YOUR ASSIGNMENT
Please write out all the data that follows exactly, without the pictures.

SUPPLIED RECORDS

• • •

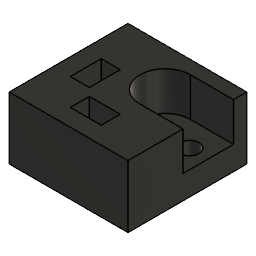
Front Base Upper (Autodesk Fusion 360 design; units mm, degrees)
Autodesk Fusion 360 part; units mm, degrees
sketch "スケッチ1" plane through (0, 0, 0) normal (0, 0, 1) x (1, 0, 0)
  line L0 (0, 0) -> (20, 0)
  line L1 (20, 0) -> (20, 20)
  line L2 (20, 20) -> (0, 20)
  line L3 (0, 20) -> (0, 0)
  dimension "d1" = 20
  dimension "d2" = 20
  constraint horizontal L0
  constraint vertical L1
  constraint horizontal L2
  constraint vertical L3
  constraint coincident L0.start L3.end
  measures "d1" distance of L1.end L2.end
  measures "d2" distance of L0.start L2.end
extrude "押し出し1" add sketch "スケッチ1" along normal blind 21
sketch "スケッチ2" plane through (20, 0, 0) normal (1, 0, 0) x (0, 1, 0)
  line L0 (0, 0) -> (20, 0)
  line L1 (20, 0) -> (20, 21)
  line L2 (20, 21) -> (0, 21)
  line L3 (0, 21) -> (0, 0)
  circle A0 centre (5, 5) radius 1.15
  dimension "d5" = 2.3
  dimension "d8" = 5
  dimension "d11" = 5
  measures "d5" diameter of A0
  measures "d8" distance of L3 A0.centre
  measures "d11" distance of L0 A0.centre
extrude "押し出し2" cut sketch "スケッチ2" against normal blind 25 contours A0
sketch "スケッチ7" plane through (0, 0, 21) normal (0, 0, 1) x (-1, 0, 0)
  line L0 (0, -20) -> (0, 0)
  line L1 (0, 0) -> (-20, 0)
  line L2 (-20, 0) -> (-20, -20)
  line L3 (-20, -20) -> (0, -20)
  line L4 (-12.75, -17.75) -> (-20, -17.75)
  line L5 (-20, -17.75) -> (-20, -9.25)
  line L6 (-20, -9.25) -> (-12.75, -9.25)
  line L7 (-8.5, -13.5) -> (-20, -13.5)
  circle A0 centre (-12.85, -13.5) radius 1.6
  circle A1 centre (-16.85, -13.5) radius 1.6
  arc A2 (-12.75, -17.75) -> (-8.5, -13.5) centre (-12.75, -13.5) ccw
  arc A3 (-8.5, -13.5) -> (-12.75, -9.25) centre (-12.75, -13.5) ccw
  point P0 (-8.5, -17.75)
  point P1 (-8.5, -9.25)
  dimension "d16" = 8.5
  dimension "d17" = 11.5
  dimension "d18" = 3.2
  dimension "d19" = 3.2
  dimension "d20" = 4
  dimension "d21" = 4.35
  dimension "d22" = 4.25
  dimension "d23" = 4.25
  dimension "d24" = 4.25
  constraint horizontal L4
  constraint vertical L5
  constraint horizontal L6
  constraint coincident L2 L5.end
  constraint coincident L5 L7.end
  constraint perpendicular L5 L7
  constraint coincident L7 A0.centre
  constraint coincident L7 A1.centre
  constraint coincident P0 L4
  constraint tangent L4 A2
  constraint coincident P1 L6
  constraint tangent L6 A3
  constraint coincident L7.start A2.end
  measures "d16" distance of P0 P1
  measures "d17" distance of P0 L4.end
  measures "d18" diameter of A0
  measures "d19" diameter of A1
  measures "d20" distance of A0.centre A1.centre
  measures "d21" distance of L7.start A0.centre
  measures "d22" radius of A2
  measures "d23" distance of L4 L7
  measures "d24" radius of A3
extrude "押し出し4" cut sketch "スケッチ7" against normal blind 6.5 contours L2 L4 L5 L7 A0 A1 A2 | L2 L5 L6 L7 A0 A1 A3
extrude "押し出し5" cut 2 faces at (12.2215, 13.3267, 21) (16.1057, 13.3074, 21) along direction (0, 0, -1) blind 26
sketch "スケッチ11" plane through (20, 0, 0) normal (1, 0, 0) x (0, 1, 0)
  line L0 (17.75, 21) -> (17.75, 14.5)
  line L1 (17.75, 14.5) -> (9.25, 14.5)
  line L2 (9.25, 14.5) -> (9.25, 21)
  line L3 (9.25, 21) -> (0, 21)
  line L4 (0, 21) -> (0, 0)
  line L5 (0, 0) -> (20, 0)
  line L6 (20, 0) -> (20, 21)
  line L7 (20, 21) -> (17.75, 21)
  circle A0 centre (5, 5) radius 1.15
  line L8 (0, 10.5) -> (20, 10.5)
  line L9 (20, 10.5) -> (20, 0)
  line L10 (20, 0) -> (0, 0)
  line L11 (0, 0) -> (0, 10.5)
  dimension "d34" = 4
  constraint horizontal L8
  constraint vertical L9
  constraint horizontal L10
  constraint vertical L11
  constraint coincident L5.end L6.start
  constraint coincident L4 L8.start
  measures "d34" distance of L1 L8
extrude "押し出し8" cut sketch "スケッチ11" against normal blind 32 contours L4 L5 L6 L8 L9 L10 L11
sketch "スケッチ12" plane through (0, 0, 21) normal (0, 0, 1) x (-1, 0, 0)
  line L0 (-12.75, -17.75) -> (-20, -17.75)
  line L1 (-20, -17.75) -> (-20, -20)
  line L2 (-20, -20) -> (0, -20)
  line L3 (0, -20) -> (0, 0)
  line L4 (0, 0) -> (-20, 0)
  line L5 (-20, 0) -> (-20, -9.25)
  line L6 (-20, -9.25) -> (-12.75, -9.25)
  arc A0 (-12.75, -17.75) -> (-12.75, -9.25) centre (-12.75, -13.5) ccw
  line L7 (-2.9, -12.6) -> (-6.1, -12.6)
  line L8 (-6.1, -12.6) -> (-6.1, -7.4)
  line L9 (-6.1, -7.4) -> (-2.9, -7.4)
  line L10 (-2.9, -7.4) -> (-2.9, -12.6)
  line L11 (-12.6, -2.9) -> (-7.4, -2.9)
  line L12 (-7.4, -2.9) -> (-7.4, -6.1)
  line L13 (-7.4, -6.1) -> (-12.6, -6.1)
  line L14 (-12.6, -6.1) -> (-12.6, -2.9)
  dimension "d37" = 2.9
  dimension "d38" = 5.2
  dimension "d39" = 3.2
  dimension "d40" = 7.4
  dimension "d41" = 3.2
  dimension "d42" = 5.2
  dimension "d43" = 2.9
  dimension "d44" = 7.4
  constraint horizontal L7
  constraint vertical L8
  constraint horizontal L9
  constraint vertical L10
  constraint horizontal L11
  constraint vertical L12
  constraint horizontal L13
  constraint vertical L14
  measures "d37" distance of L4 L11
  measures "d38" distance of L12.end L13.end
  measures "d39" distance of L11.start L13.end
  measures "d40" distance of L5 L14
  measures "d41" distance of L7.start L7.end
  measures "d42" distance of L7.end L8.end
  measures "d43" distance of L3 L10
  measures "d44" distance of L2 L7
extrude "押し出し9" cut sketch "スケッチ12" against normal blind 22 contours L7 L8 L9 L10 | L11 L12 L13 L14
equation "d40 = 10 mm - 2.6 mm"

• • •

WRITTEN RESPONSE
Front Base Upper (Autodesk Fusion 360 design; units mm, degrees)
Autodesk Fusion 360 part; units mm, degrees
sketch "スケッチ1" plane through (0, 0, 0) normal (0, 0, 1) x (1, 0, 0)
  line L0 (0, 0) -> (20, 0)
  line L1 (20, 0) -> (20, 20)
  line L2 (20, 20) -> (0, 20)
  line L3 (0, 20) -> (0, 0)
  dimension "d1" = 20
  dimension "d2" = 20
  constraint horizontal L0
  constraint vertical L1
  constraint horizontal L2
  constraint vertical L3
  constraint coincident L0.start L3.end
  measures "d1" distance of L1.end L2.end
  measures "d2" distance of L0.start L2.end
extrude "押し出し1" add sketch "スケッチ1" along normal blind 21
sketch "スケッチ2" plane through (20, 0, 0) normal (1, 0, 0) x (0, 1, 0)
  line L0 (0, 0) -> (20, 0)
  line L1 (20, 0) -> (20, 21)
  line L2 (20, 21) -> (0, 21)
  line L3 (0, 21) -> (0, 0)
  circle A0 centre (5, 5) radius 1.15
  dimension "d5" = 2.3
  dimension "d8" = 5
  dimension "d11" = 5
  measures "d5" diameter of A0
  measures "d8" distance of L3 A0.centre
  measures "d11" distance of L0 A0.centre
extrude "押し出し2" cut sketch "スケッチ2" against normal blind 25 contours A0
sketch "スケッチ7" plane through (0, 0, 21) normal (0, 0, 1) x (-1, 0, 0)
  line L0 (0, -20) -> (0, 0)
  line L1 (0, 0) -> (-20, 0)
  line L2 (-20, 0) -> (-20, -20)
  line L3 (-20, -20) -> (0, -20)
  line L4 (-12.75, -17.75) -> (-20, -17.75)
  line L5 (-20, -17.75) -> (-20, -9.25)
  line L6 (-20, -9.25) -> (-12.75, -9.25)
  line L7 (-8.5, -13.5) -> (-20, -13.5)
  circle A0 centre (-12.85, -13.5) radius 1.6
  circle A1 centre (-16.85, -13.5) radius 1.6
  arc A2 (-12.75, -17.75) -> (-8.5, -13.5) centre (-12.75, -13.5) ccw
  arc A3 (-8.5, -13.5) -> (-12.75, -9.25) centre (-12.75, -13.5) ccw
  point P0 (-8.5, -17.75)
  point P1 (-8.5, -9.25)
  dimension "d16" = 8.5
  dimension "d17" = 11.5
  dimension "d18" = 3.2
  dimension "d19" = 3.2
  dimension "d20" = 4
  dimension "d21" = 4.35
  dimension "d22" = 4.25
  dimension "d23" = 4.25
  dimension "d24" = 4.25
  constraint horizontal L4
  constraint vertical L5
  constraint horizontal L6
  constraint coincident L2 L5.end
  constraint coincident L5 L7.end
  constraint perpendicular L5 L7
  constraint coincident L7 A0.centre
  constraint coincident L7 A1.centre
  constraint coincident P0 L4
  constraint tangent L4 A2
  constraint coincident P1 L6
  constraint tangent L6 A3
  constraint coincident L7.start A2.end
  measures "d16" distance of P0 P1
  measures "d17" distance of P0 L4.end
  measures "d18" diameter of A0
  measures "d19" diameter of A1
  measures "d20" distance of A0.centre A1.centre
  measures "d21" distance of L7.start A0.centre
  measures "d22" radius of A2
  measures "d23" distance of L4 L7
  measures "d24" radius of A3
extrude "押し出し4" cut sketch "スケッチ7" against normal blind 6.5 contours L2 L4 L5 L7 A0 A1 A2 | L2 L5 L6 L7 A0 A1 A3
extrude "押し出し5" cut 2 faces at (12.2215, 13.3267, 21) (16.1057, 13.3074, 21) along direction (0, 0, -1) blind 26
sketch "スケッチ11" plane through (20, 0, 0) normal (1, 0, 0) x (0, 1, 0)
  line L0 (17.75, 21) -> (17.75, 14.5)
  line L1 (17.75, 14.5) -> (9.25, 14.5)
  line L2 (9.25, 14.5) -> (9.25, 21)
  line L3 (9.25, 21) -> (0, 21)
  line L4 (0, 21) -> (0, 0)
  line L5 (0, 0) -> (20, 0)
  line L6 (20, 0) -> (20, 21)
  line L7 (20, 21) -> (17.75, 21)
  circle A0 centre (5, 5) radius 1.15
  line L8 (0, 10.5) -> (20, 10.5)
  line L9 (20, 10.5) -> (20, 0)
  line L10 (20, 0) -> (0, 0)
  line L11 (0, 0) -> (0, 10.5)
  dimension "d34" = 4
  constraint horizontal L8
  constraint vertical L9
  constraint horizontal L10
  constraint vertical L11
  constraint coincident L5.end L6.start
  constraint coincident L4 L8.start
  measures "d34" distance of L1 L8
extrude "押し出し8" cut sketch "スケッチ11" against normal blind 32 contours L4 L5 L6 L8 L9 L10 L11
sketch "スケッチ12" plane through (0, 0, 21) normal (0, 0, 1) x (-1, 0, 0)
  line L0 (-12.75, -17.75) -> (-20, -17.75)
  line L1 (-20, -17.75) -> (-20, -20)
  line L2 (-20, -20) -> (0, -20)
  line L3 (0, -20) -> (0, 0)
  line L4 (0, 0) -> (-20, 0)
  line L5 (-20, 0) -> (-20, -9.25)
  line L6 (-20, -9.25) -> (-12.75, -9.25)
  arc A0 (-12.75, -17.75) -> (-12.75, -9.25) centre (-12.75, -13.5) ccw
  line L7 (-2.9, -12.6) -> (-6.1, -12.6)
  line L8 (-6.1, -12.6) -> (-6.1, -7.4)
  line L9 (-6.1, -7.4) -> (-2.9, -7.4)
  line L10 (-2.9, -7.4) -> (-2.9, -12.6)
  line L11 (-12.6, -2.9) -> (-7.4, -2.9)
  line L12 (-7.4, -2.9) -> (-7.4, -6.1)
  line L13 (-7.4, -6.1) -> (-12.6, -6.1)
  line L14 (-12.6, -6.1) -> (-12.6, -2.9)
  dimension "d37" = 2.9
  dimension "d38" = 5.2
  dimension "d39" = 3.2
  dimension "d40" = 7.4
  dimension "d41" = 3.2
  dimension "d42" = 5.2
  dimension "d43" = 2.9
  dimension "d44" = 7.4
  constraint horizontal L7
  constraint vertical L8
  constraint horizontal L9
  constraint vertical L10
  constraint horizontal L11
  constraint vertical L12
  constraint horizontal L13
  constraint vertical L14
  measures "d37" distance of L4 L11
  measures "d38" distance of L12.end L13.end
  measures "d39" distance of L11.start L13.end
  measures "d40" distance of L5 L14
  measures "d41" distance of L7.start L7.end
  measures "d42" distance of L7.end L8.end
  measures "d43" distance of L3 L10
  measures "d44" distance of L2 L7
extrude "押し出し9" cut sketch "スケッチ12" against normal blind 22 contours L7 L8 L9 L10 | L11 L12 L13 L14
equation "d40 = 10 mm - 2.6 mm"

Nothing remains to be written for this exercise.